Supplied records |
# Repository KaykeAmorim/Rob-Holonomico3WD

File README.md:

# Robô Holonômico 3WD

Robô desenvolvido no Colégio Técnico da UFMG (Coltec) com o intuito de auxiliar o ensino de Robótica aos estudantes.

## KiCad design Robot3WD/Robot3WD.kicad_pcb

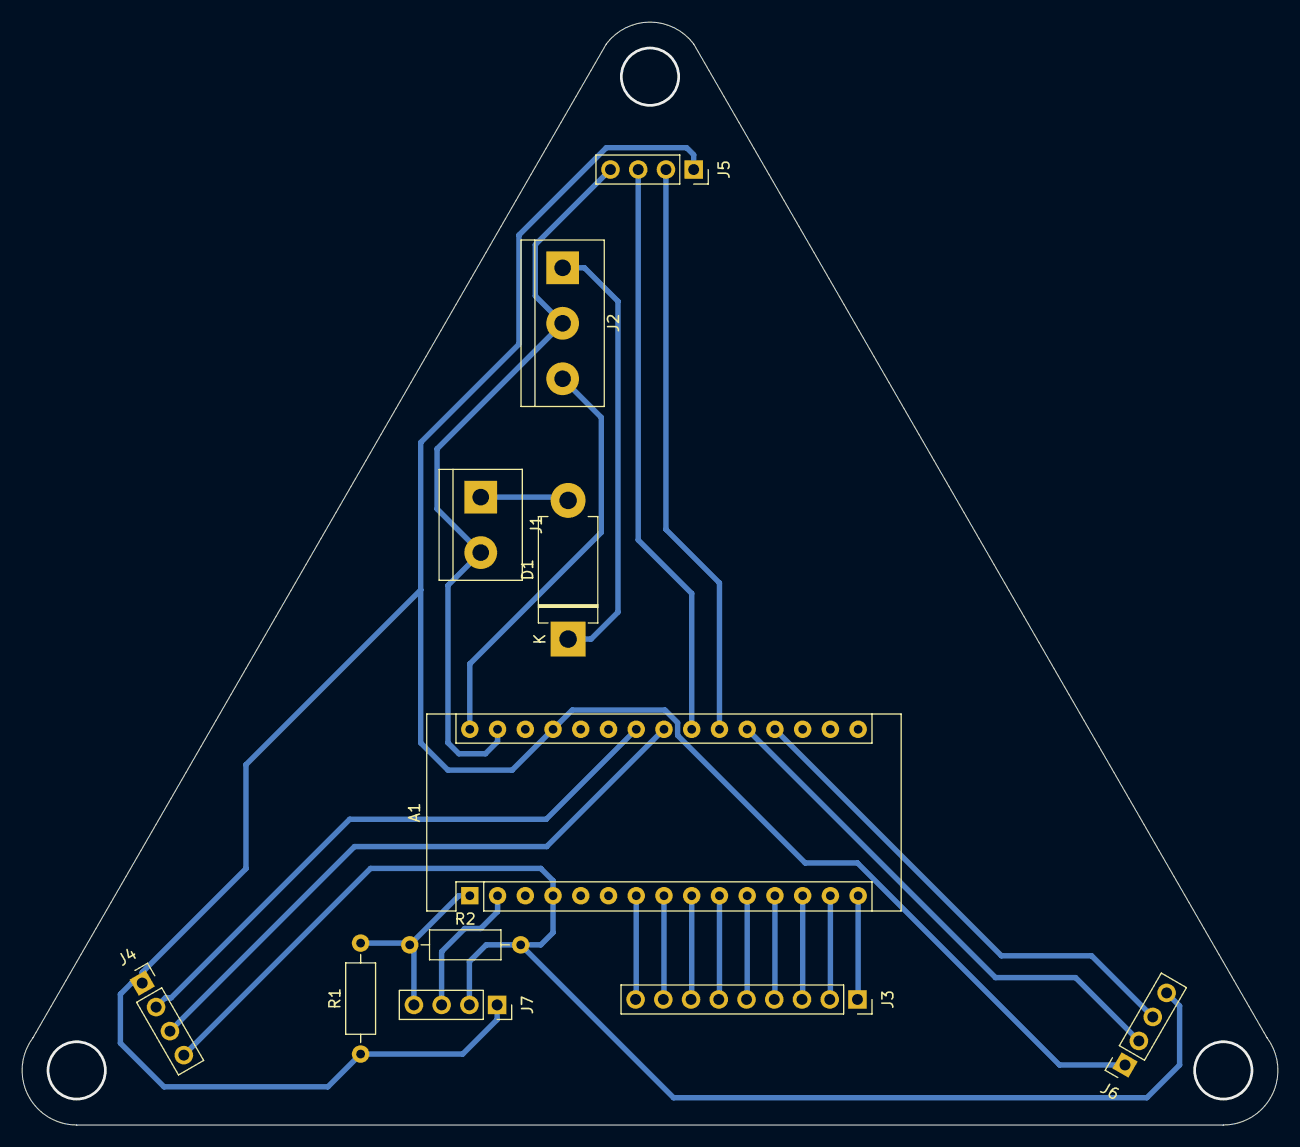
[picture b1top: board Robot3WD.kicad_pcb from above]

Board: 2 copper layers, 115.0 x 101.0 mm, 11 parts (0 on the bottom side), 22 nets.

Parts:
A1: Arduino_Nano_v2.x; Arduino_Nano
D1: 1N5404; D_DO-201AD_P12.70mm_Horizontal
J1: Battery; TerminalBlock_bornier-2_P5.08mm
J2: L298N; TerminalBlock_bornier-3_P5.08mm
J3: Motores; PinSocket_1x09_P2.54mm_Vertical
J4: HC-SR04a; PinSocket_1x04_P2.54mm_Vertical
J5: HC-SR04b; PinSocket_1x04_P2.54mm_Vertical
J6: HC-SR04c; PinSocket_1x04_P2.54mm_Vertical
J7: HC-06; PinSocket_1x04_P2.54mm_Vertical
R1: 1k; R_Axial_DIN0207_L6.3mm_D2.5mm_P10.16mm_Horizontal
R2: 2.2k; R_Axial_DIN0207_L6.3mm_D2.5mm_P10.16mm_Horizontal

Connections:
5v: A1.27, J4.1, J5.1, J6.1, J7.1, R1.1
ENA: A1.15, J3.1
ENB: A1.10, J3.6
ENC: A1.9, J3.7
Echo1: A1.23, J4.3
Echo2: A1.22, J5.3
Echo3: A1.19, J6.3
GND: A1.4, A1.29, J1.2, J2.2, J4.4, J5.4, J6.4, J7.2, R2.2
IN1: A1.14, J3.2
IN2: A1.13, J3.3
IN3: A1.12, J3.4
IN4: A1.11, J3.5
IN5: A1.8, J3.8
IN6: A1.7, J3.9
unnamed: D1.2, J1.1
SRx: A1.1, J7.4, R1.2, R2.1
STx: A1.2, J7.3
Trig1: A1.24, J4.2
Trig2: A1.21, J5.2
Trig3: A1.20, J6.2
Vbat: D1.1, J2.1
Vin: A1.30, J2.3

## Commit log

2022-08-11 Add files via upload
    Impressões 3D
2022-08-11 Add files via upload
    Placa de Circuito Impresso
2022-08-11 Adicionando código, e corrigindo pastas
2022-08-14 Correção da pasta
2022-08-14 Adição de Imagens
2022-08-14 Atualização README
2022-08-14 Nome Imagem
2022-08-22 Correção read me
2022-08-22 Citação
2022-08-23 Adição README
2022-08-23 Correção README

What you need to do | What is needed is an exact printout of all the entries, without the pictures.

Answer space |
# Repository KaykeAmorim/Rob-Holonomico3WD

File README.md:

# Robô Holonômico 3WD

Robô desenvolvido no Colégio Técnico da UFMG (Coltec) com o intuito de auxiliar o ensino de Robótica aos estudantes.

## KiCad design Robot3WD/Robot3WD.kicad_pcb

[picture b1top: board Robot3WD.kicad_pcb from above]

Board: 2 copper layers, 115.0 x 101.0 mm, 11 parts (0 on the bottom side), 22 nets.

Parts:
A1: Arduino_Nano_v2.x; Arduino_Nano
D1: 1N5404; D_DO-201AD_P12.70mm_Horizontal
J1: Battery; TerminalBlock_bornier-2_P5.08mm
J2: L298N; TerminalBlock_bornier-3_P5.08mm
J3: Motores; PinSocket_1x09_P2.54mm_Vertical
J4: HC-SR04a; PinSocket_1x04_P2.54mm_Vertical
J5: HC-SR04b; PinSocket_1x04_P2.54mm_Vertical
J6: HC-SR04c; PinSocket_1x04_P2.54mm_Vertical
J7: HC-06; PinSocket_1x04_P2.54mm_Vertical
R1: 1k; R_Axial_DIN0207_L6.3mm_D2.5mm_P10.16mm_Horizontal
R2: 2.2k; R_Axial_DIN0207_L6.3mm_D2.5mm_P10.16mm_Horizontal

Connections:
5v: A1.27, J4.1, J5.1, J6.1, J7.1, R1.1
ENA: A1.15, J3.1
ENB: A1.10, J3.6
ENC: A1.9, J3.7
Echo1: A1.23, J4.3
Echo2: A1.22, J5.3
Echo3: A1.19, J6.3
GND: A1.4, A1.29, J1.2, J2.2, J4.4, J5.4, J6.4, J7.2, R2.2
IN1: A1.14, J3.2
IN2: A1.13, J3.3
IN3: A1.12, J3.4
IN4: A1.11, J3.5
IN5: A1.8, J3.8
IN6: A1.7, J3.9
unnamed: D1.2, J1.1
SRx: A1.1, J7.4, R1.2, R2.1
STx: A1.2, J7.3
Trig1: A1.24, J4.2
Trig2: A1.21, J5.2
Trig3: A1.20, J6.2
Vbat: D1.1, J2.1
Vin: A1.30, J2.3

## Commit log

2022-08-11 Add files via upload
    Impressões 3D
2022-08-11 Add files via upload
    Placa de Circuito Impresso
2022-08-11 Adicionando código, e corrigindo pastas
2022-08-14 Correção da pasta
2022-08-14 Adição de Imagens
2022-08-14 Atualização README
2022-08-14 Nome Imagem
2022-08-22 Correção read me
2022-08-22 Citação
2022-08-23 Adição README
2022-08-23 Correção README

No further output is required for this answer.